(What you are asked to do) State the count of lines below featuring the word "from", and write nothing further.

(Dataset excerpts)

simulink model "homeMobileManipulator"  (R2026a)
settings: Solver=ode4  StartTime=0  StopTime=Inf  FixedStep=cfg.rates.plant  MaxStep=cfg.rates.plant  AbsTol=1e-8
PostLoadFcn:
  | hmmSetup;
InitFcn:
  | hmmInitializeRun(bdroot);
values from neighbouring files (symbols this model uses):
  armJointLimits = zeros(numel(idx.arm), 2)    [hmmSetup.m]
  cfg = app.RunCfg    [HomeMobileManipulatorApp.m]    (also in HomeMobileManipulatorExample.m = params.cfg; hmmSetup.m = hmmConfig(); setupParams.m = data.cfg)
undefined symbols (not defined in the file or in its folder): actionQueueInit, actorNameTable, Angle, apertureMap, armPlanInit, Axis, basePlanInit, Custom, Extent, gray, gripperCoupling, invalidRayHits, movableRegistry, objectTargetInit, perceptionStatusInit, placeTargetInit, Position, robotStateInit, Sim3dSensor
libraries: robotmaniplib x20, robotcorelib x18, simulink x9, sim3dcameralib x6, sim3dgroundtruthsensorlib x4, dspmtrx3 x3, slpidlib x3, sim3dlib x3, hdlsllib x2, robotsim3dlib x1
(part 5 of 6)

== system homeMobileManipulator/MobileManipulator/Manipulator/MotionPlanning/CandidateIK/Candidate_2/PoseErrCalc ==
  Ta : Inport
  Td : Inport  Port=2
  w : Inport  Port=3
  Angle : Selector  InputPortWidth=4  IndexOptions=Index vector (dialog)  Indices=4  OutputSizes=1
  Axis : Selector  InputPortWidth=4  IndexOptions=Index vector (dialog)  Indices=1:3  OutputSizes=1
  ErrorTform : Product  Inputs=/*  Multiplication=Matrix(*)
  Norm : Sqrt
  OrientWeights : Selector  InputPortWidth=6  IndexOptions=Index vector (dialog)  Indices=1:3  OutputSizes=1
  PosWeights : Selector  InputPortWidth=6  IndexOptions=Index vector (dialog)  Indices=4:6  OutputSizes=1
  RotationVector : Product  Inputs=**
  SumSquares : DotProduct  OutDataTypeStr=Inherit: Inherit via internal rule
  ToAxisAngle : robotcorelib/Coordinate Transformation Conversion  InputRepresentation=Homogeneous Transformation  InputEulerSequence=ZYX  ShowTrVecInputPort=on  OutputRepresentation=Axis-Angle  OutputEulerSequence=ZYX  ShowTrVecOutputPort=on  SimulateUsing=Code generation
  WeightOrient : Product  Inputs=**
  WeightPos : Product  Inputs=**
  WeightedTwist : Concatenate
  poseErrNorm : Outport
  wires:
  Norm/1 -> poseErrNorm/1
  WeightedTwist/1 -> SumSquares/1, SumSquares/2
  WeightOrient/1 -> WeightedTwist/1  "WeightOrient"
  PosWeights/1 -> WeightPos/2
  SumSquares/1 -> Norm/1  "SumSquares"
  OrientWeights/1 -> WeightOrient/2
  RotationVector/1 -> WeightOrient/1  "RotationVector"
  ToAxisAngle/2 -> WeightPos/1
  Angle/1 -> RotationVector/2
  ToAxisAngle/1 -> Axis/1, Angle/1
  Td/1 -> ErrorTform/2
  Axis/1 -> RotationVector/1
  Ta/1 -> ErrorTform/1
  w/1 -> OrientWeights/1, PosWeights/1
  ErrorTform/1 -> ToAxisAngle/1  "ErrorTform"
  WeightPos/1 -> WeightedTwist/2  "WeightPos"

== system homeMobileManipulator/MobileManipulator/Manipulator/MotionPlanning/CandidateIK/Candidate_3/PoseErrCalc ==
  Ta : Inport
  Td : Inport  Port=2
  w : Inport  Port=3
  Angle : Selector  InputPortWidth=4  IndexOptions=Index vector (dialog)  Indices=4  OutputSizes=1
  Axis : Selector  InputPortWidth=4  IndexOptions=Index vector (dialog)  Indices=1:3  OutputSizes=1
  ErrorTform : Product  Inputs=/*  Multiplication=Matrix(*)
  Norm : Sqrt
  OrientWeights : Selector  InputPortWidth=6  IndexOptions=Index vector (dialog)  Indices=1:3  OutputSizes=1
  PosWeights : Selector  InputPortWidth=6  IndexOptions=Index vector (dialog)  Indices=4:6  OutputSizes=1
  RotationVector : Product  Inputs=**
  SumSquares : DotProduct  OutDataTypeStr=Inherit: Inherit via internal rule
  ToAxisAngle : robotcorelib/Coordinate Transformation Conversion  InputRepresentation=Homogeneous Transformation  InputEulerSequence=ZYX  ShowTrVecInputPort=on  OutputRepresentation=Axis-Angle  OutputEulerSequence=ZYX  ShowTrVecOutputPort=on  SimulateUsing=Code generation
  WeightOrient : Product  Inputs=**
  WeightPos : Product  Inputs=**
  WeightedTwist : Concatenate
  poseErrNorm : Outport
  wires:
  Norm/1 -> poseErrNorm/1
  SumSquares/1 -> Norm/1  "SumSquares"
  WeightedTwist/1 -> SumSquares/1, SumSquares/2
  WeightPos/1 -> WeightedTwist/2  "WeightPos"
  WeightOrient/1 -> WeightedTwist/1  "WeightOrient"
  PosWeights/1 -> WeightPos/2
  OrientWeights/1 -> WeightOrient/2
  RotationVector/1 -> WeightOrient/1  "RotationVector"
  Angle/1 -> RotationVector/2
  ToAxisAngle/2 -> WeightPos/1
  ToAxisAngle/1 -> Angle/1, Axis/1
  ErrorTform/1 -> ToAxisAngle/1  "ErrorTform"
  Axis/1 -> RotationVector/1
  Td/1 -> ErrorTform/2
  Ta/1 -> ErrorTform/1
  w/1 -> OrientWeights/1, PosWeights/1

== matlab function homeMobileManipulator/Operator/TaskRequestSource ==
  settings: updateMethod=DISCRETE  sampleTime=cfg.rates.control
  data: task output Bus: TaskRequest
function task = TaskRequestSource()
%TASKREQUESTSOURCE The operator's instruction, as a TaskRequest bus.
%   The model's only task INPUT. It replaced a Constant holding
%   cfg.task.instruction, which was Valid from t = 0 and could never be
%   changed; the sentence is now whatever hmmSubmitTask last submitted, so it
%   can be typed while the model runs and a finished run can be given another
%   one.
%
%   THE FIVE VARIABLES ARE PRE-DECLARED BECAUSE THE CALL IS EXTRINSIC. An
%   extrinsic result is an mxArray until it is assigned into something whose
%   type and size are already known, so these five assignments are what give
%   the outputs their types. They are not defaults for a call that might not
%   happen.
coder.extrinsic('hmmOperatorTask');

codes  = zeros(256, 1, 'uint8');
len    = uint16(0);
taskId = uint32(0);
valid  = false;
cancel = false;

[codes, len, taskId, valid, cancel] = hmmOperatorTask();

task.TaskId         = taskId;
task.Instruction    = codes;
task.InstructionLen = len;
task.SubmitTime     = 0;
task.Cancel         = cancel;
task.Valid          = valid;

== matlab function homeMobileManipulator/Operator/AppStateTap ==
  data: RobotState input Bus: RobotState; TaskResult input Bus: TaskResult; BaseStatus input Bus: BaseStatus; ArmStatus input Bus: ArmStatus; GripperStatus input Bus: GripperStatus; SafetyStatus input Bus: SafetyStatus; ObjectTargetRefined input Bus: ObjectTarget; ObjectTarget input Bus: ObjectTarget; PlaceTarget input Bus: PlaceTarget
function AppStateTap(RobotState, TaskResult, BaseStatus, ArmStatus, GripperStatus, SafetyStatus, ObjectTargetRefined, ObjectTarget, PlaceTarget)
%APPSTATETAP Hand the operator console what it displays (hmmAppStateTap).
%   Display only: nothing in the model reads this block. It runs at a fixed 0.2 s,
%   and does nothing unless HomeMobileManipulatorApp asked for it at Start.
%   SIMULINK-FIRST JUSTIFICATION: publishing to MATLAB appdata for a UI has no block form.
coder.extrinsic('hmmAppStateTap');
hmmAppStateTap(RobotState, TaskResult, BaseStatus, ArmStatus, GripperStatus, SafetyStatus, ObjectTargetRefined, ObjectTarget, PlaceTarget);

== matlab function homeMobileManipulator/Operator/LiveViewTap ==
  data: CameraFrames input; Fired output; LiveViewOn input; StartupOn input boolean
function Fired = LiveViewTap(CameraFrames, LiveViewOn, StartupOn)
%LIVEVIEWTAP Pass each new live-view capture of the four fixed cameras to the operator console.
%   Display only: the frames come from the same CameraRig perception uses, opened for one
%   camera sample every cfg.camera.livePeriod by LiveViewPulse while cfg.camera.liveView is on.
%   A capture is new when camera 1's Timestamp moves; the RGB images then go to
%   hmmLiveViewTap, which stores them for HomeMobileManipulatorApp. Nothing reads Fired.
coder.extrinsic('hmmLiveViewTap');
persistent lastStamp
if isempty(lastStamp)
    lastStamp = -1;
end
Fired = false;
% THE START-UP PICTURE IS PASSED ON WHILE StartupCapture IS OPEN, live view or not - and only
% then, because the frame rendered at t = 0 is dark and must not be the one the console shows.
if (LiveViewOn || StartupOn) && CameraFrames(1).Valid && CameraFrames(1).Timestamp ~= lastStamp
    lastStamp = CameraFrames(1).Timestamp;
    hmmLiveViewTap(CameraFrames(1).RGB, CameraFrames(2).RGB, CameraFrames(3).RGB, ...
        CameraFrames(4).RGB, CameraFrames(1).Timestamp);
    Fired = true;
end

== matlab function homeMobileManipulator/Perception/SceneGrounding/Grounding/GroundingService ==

(Your response) 3